:: Exercise description ::
Scan the records below for the line containing "#199=VERTEX_POINT('',#198);" and the line containing "#207=VERTEX_POINT('',#206);". Copy both, plus every line between, exactly.

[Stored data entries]
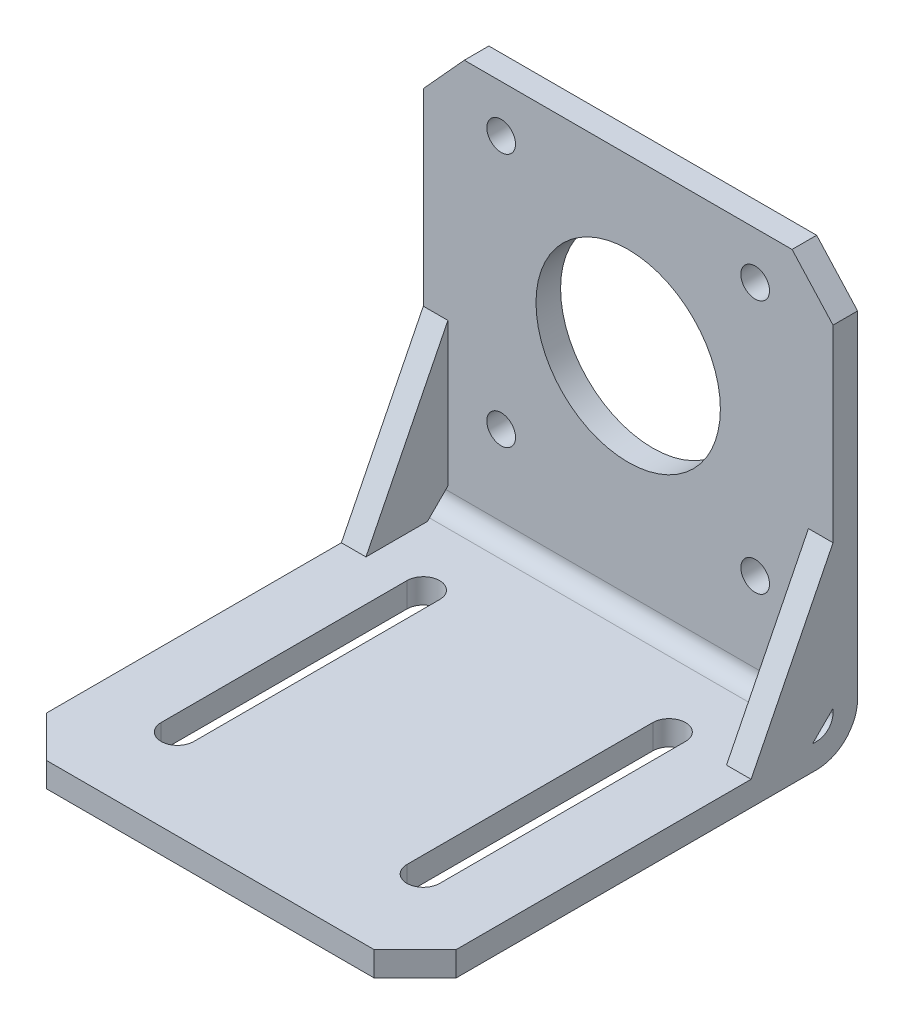
ISO-10303-21;
HEADER;
FILE_DESCRIPTION(('STEP AP214'),'2;1');
FILE_NAME('part.step','',(''),(''),'','','');
FILE_SCHEMA(('AUTOMOTIVE_DESIGN { 1 0 10303 214 1 1 1 1 }'));
ENDSEC;
DATA;
#1=APPLICATION_CONTEXT('core data for automotive mechanical design processes');
#2=APPLICATION_PROTOCOL_DEFINITION('international standard','automotive_design',2000,#1);
#3=PRODUCT_CONTEXT('',#1,'mechanical');
#4=PRODUCT('Part','Part','',(#3));
#5=PRODUCT_RELATED_PRODUCT_CATEGORY('part','',(#4));
#6=PRODUCT_DEFINITION_FORMATION('','',#4);
#7=PRODUCT_DEFINITION_CONTEXT('part definition',#1,'design');
#8=PRODUCT_DEFINITION('design','',#6,#7);
#9=PRODUCT_DEFINITION_SHAPE('','',#8);
#10=(LENGTH_UNIT() NAMED_UNIT(*) SI_UNIT(.MILLI.,.METRE.));
#11=(NAMED_UNIT(*) PLANE_ANGLE_UNIT() SI_UNIT($,.RADIAN.));
#12=(NAMED_UNIT(*) SI_UNIT($,.STERADIAN.) SOLID_ANGLE_UNIT());
#13=UNCERTAINTY_MEASURE_WITH_UNIT(LENGTH_MEASURE(1.E-05),#10,'distance_accuracy_value','');
#14=(GEOMETRIC_REPRESENTATION_CONTEXT(3) GLOBAL_UNCERTAINTY_ASSIGNED_CONTEXT((#13)) GLOBAL_UNIT_ASSIGNED_CONTEXT((#10,
#11,#12)) REPRESENTATION_CONTEXT('',''));
#15=CARTESIAN_POINT('',(0.,0.,0.));
#16=DIRECTION('',(0.,0.,1.));
#17=DIRECTION('',(1.,0.,0.));
#18=AXIS2_PLACEMENT_3D('',#15,#16,#17);
#19=CARTESIAN_POINT('',(0.,0.,3.));
#20=DIRECTION('',(0.,0.,-1.));
#21=DIRECTION('',(-1.,0.,0.));
#22=AXIS2_PLACEMENT_3D('',#19,#20,#21);
#23=PLANE('',#22);
#24=CARTESIAN_POINT('',(0.,30.25,3.));
#25=DIRECTION('',(0.,0.,1.));
#26=DIRECTION('',(1.,0.,0.));
#27=AXIS2_PLACEMENT_3D('',#24,#25,#26);
#28=CIRCLE('',#27,11.25);
#29=CARTESIAN_POINT('',(11.25,30.25,3.));
#30=VERTEX_POINT('',#29);
#31=EDGE_CURVE('E405',#30,#30,#28,.T.);
#32=ORIENTED_EDGE('',*,*,#31,.F.);
#33=EDGE_LOOP('',(#32));
#34=FACE_BOUND('',#33,.T.);
#35=CARTESIAN_POINT('',(15.5,45.75,3.));
#36=DIRECTION('',(0.,0.,1.));
#37=DIRECTION('',(1.,0.,0.));
#38=AXIS2_PLACEMENT_3D('',#35,#36,#37);
#39=CIRCLE('',#38,1.75);
#40=CARTESIAN_POINT('',(17.25,45.75,3.));
#41=VERTEX_POINT('',#40);
#42=EDGE_CURVE('E399',#41,#41,#39,.T.);
#43=ORIENTED_EDGE('',*,*,#42,.F.);
#44=EDGE_LOOP('',(#43));
#45=FACE_BOUND('',#44,.T.);
#46=CARTESIAN_POINT('',(15.5,14.75,3.));
#47=DIRECTION('',(0.,0.,1.));
#48=DIRECTION('',(1.,0.,0.));
#49=AXIS2_PLACEMENT_3D('',#46,#47,#48);
#50=CIRCLE('',#49,1.75);
#51=CARTESIAN_POINT('',(17.25,14.75,3.));
#52=VERTEX_POINT('',#51);
#53=EDGE_CURVE('E393',#52,#52,#50,.T.);
#54=ORIENTED_EDGE('',*,*,#53,.F.);
#55=EDGE_LOOP('',(#54));
#56=FACE_BOUND('',#55,.T.);
#57=CARTESIAN_POINT('',(-15.5,14.75,3.));
#58=DIRECTION('',(0.,0.,1.));
#59=DIRECTION('',(-1.,0.,0.));
#60=AXIS2_PLACEMENT_3D('',#57,#58,#59);
#61=CIRCLE('',#60,1.75);
#62=CARTESIAN_POINT('',(-17.25,14.75,3.));
#63=VERTEX_POINT('',#62);
#64=EDGE_CURVE('E387',#63,#63,#61,.T.);
#65=ORIENTED_EDGE('',*,*,#64,.F.);
#66=EDGE_LOOP('',(#65));
#67=FACE_BOUND('',#66,.T.);
#68=CARTESIAN_POINT('',(-15.5,45.75,3.));
#69=DIRECTION('',(0.,0.,1.));
#70=DIRECTION('',(-1.,0.,0.));
#71=AXIS2_PLACEMENT_3D('',#68,#69,#70);
#72=CIRCLE('',#71,1.75);
#73=CARTESIAN_POINT('',(-17.25,45.75,3.));
#74=VERTEX_POINT('',#73);
#75=EDGE_CURVE('E381',#74,#74,#72,.T.);
#76=ORIENTED_EDGE('',*,*,#75,.F.);
#77=EDGE_LOOP('',(#76));
#78=FACE_BOUND('',#77,.T.);
#79=DIRECTION('',(1.,0.,0.));
#80=VECTOR('',#79,1.);
#81=CARTESIAN_POINT('',(22.,5.49999999999999,3.));
#82=LINE('',#81,#80);
#83=CARTESIAN_POINT('',(22.,5.49999999999999,3.));
#84=VERTEX_POINT('',#83);
#85=CARTESIAN_POINT('',(25.,5.49999999999999,3.));
#86=VERTEX_POINT('',#85);
#87=EDGE_CURVE('E53',#84,#86,#82,.T.);
#88=ORIENTED_EDGE('',*,*,#87,.F.);
#89=DIRECTION('',(0.,1.,0.));
#90=VECTOR('',#89,1.);
#91=CARTESIAN_POINT('',(22.,46.0000000000001,3.));
#92=LINE('',#91,#90);
#93=CARTESIAN_POINT('',(22.,23.,3.));
#94=VERTEX_POINT('',#93);
#95=EDGE_CURVE('E58',#84,#94,#92,.T.);
#96=ORIENTED_EDGE('',*,*,#95,.T.);
#97=DIRECTION('',(1.,0.,0.));
#98=VECTOR('',#97,1.);
#99=CARTESIAN_POINT('',(22.,23.,3.));
#100=LINE('',#99,#98);
#101=CARTESIAN_POINT('',(25.,23.,3.));
#102=VERTEX_POINT('',#101);
#103=EDGE_CURVE('E253',#94,#102,#100,.T.);
#104=ORIENTED_EDGE('',*,*,#103,.T.);
#105=DIRECTION('',(0.,1.,0.));
#106=VECTOR('',#105,1.);
#107=CARTESIAN_POINT('',(25.,46.0000000000001,3.));
#108=LINE('',#107,#106);
#109=CARTESIAN_POINT('',(25.,46.0000000000001,3.));
#110=VERTEX_POINT('',#109);
#111=EDGE_CURVE('E422',#102,#110,#108,.T.);
#112=ORIENTED_EDGE('',*,*,#111,.T.);
#113=DIRECTION('',(-0.672672793996322,0.739940073395936,0.));
#114=VECTOR('',#113,1.);
#115=CARTESIAN_POINT('',(20.,51.5,3.));
#116=LINE('',#115,#114);
#117=CARTESIAN_POINT('',(20.,51.5,3.));
#118=VERTEX_POINT('',#117);
#119=EDGE_CURVE('E411',#110,#118,#116,.T.);
#120=ORIENTED_EDGE('',*,*,#119,.T.);
#121=DIRECTION('',(-1.,0.,0.));
#122=VECTOR('',#121,1.);
#123=CARTESIAN_POINT('',(-20.,51.5,3.));
#124=LINE('',#123,#122);
#125=CARTESIAN_POINT('',(-20.,51.5,3.));
#126=VERTEX_POINT('',#125);
#127=EDGE_CURVE('E414',#118,#126,#124,.T.);
#128=ORIENTED_EDGE('',*,*,#127,.T.);
#129=DIRECTION('',(-0.672672793996322,-0.739940073395936,0.));
#130=VECTOR('',#129,1.);
#131=CARTESIAN_POINT('',(-20.,51.5,3.));
#132=LINE('',#131,#130);
#133=CARTESIAN_POINT('',(-25.,46.0000000000001,3.));
#134=VERTEX_POINT('',#133);
#135=EDGE_CURVE('E417',#126,#134,#132,.T.);
#136=ORIENTED_EDGE('',*,*,#135,.T.);
#137=DIRECTION('',(0.,-1.,0.));
#138=VECTOR('',#137,1.);
#139=CARTESIAN_POINT('',(-25.,46.0000000000001,3.));
#140=LINE('',#139,#138);
#141=CARTESIAN_POINT('',(-25.,23.,3.));
#142=VERTEX_POINT('',#141);
#143=EDGE_CURVE('E420',#134,#142,#140,.T.);
#144=ORIENTED_EDGE('',*,*,#143,.T.);
#145=DIRECTION('',(-1.,0.,0.));
#146=VECTOR('',#145,1.);
#147=CARTESIAN_POINT('',(-22.,23.,3.));
#148=LINE('',#147,#146);
#149=CARTESIAN_POINT('',(-22.,23.,3.));
#150=VERTEX_POINT('',#149);
#151=EDGE_CURVE('E270',#150,#142,#148,.T.);
#152=ORIENTED_EDGE('',*,*,#151,.F.);
#153=DIRECTION('',(0.,1.,0.));
#154=VECTOR('',#153,1.);
#155=CARTESIAN_POINT('',(-22.,0.,3.));
#156=LINE('',#155,#154);
#157=CARTESIAN_POINT('',(-22.,5.5,3.));
#158=VERTEX_POINT('',#157);
#159=EDGE_CURVE('E256',#158,#150,#156,.T.);
#160=ORIENTED_EDGE('',*,*,#159,.F.);
#161=DIRECTION('',(-1.,0.,0.));
#162=VECTOR('',#161,1.);
#163=CARTESIAN_POINT('',(-22.,5.5,3.));
#164=LINE('',#163,#162);
#165=CARTESIAN_POINT('',(-25.,5.5,3.));
#166=VERTEX_POINT('',#165);
#167=EDGE_CURVE('E267',#158,#166,#164,.T.);
#168=ORIENTED_EDGE('',*,*,#167,.T.);
#169=CARTESIAN_POINT('',(-25.,5.,3.));
#170=VERTEX_POINT('',#169);
#171=EDGE_CURVE('E419',#166,#170,#140,.T.);
#172=ORIENTED_EDGE('',*,*,#171,.T.);
#173=DIRECTION('',(1.,0.,0.));
#174=VECTOR('',#173,1.);
#175=CARTESIAN_POINT('',(0.,5.,3.));
#176=LINE('',#175,#174);
#177=CARTESIAN_POINT('',(25.,5.,3.));
#178=VERTEX_POINT('',#177);
#179=EDGE_CURVE('E453',#170,#178,#176,.T.);
#180=ORIENTED_EDGE('',*,*,#179,.T.);
#181=EDGE_CURVE('E423',#178,#86,#108,.T.);
#182=ORIENTED_EDGE('',*,*,#181,.T.);
#183=EDGE_LOOP('',(#88,#96,#104,#112,#120,#128,#136,#144,#152,#160,#168,#172,#180,#182));
#184=FACE_BOUND('',#183,.T.);
#185=ADVANCED_FACE('F38',(#34,#45,#56,#67,#78,#184),#23,.F.);
#186=CARTESIAN_POINT('',(0.,3.,0.));
#187=DIRECTION('',(0.,1.,0.));
#188=DIRECTION('',(0.,0.,1.));
#189=AXIS2_PLACEMENT_3D('',#186,#187,#188);
#190=PLANE('',#189);
#191=CARTESIAN_POINT('',(15.,3.,43.));
#192=DIRECTION('',(0.,-1.,0.));
#193=DIRECTION('',(0.,0.,-1.));
#194=AXIS2_PLACEMENT_3D('',#191,#192,#193);
#195=CIRCLE('',#194,2.);
#196=CARTESIAN_POINT('',(17.,3.,43.));
#197=VERTEX_POINT('',#196);
#198=CARTESIAN_POINT('',(13.,3.,43.));
#199=VERTEX_POINT('',#198);
#200=EDGE_CURVE('E314',#197,#199,#195,.T.);
#201=ORIENTED_EDGE('',*,*,#200,.T.);
#202=DIRECTION('',(0.,0.,-1.));
#203=VECTOR('',#202,1.);
#204=CARTESIAN_POINT('',(13.,3.,43.));
#205=LINE('',#204,#203);
#206=CARTESIAN_POINT('',(13.,3.,13.));
#207=VERTEX_POINT('',#206);
#208=EDGE_CURVE('E317',#199,#207,#205,.T.);
#209=ORIENTED_EDGE('',*,*,#208,.T.);
#210=CARTESIAN_POINT('',(15.,3.,13.));
#211=DIRECTION('',(0.,-1.,0.));
#212=DIRECTION('',(0.,0.,-1.));
#213=AXIS2_PLACEMENT_3D('',#210,#211,#212);
#214=CIRCLE('',#213,2.);
#215=CARTESIAN_POINT('',(17.,3.,13.));
#216=VERTEX_POINT('',#215);
#217=EDGE_CURVE('E321',#207,#216,#214,.T.);
#218=ORIENTED_EDGE('',*,*,#217,.T.);
#219=DIRECTION('',(0.,0.,1.));
#220=VECTOR('',#219,1.);
#221=CARTESIAN_POINT('',(17.,3.,43.));
#222=LINE('',#221,#220);
#223=EDGE_CURVE('E324',#216,#197,#222,.T.);
#224=ORIENTED_EDGE('',*,*,#223,.T.);
#225=EDGE_LOOP('',(#201,#209,#218,#224));
#226=FACE_BOUND('',#225,.T.);
#227=CARTESIAN_POINT('',(-15.,3.,43.));
#228=DIRECTION('',(0.,-1.,0.));
#229=DIRECTION('',(0.,0.,1.));
#230=AXIS2_PLACEMENT_3D('',#227,#228,#229);
#231=CIRCLE('',#230,2.);
#232=CARTESIAN_POINT('',(-13.,3.,43.));
#233=VERTEX_POINT('',#232);
#234=CARTESIAN_POINT('',(-17.,3.,43.));
#235=VERTEX_POINT('',#234);
#236=EDGE_CURVE('E282',#233,#235,#231,.T.);
#237=ORIENTED_EDGE('',*,*,#236,.T.);
#238=DIRECTION('',(0.,0.,-1.));
#239=VECTOR('',#238,1.);
#240=CARTESIAN_POINT('',(-17.,3.,43.));
#241=LINE('',#240,#239);
#242=CARTESIAN_POINT('',(-17.,3.,13.));
#243=VERTEX_POINT('',#242);
#244=EDGE_CURVE('E285',#235,#243,#241,.T.);
#245=ORIENTED_EDGE('',*,*,#244,.T.);
#246=CARTESIAN_POINT('',(-15.,3.,13.));
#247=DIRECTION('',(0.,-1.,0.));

:: Reply ::
#199=VERTEX_POINT('',#198);
#200=EDGE_CURVE('E314',#197,#199,#195,.T.);
#201=ORIENTED_EDGE('',*,*,#200,.T.);
#202=DIRECTION('',(0.,0.,-1.));
#203=VECTOR('',#202,1.);
#204=CARTESIAN_POINT('',(13.,3.,43.));
#205=LINE('',#204,#203);
#206=CARTESIAN_POINT('',(13.,3.,13.));
#207=VERTEX_POINT('',#206);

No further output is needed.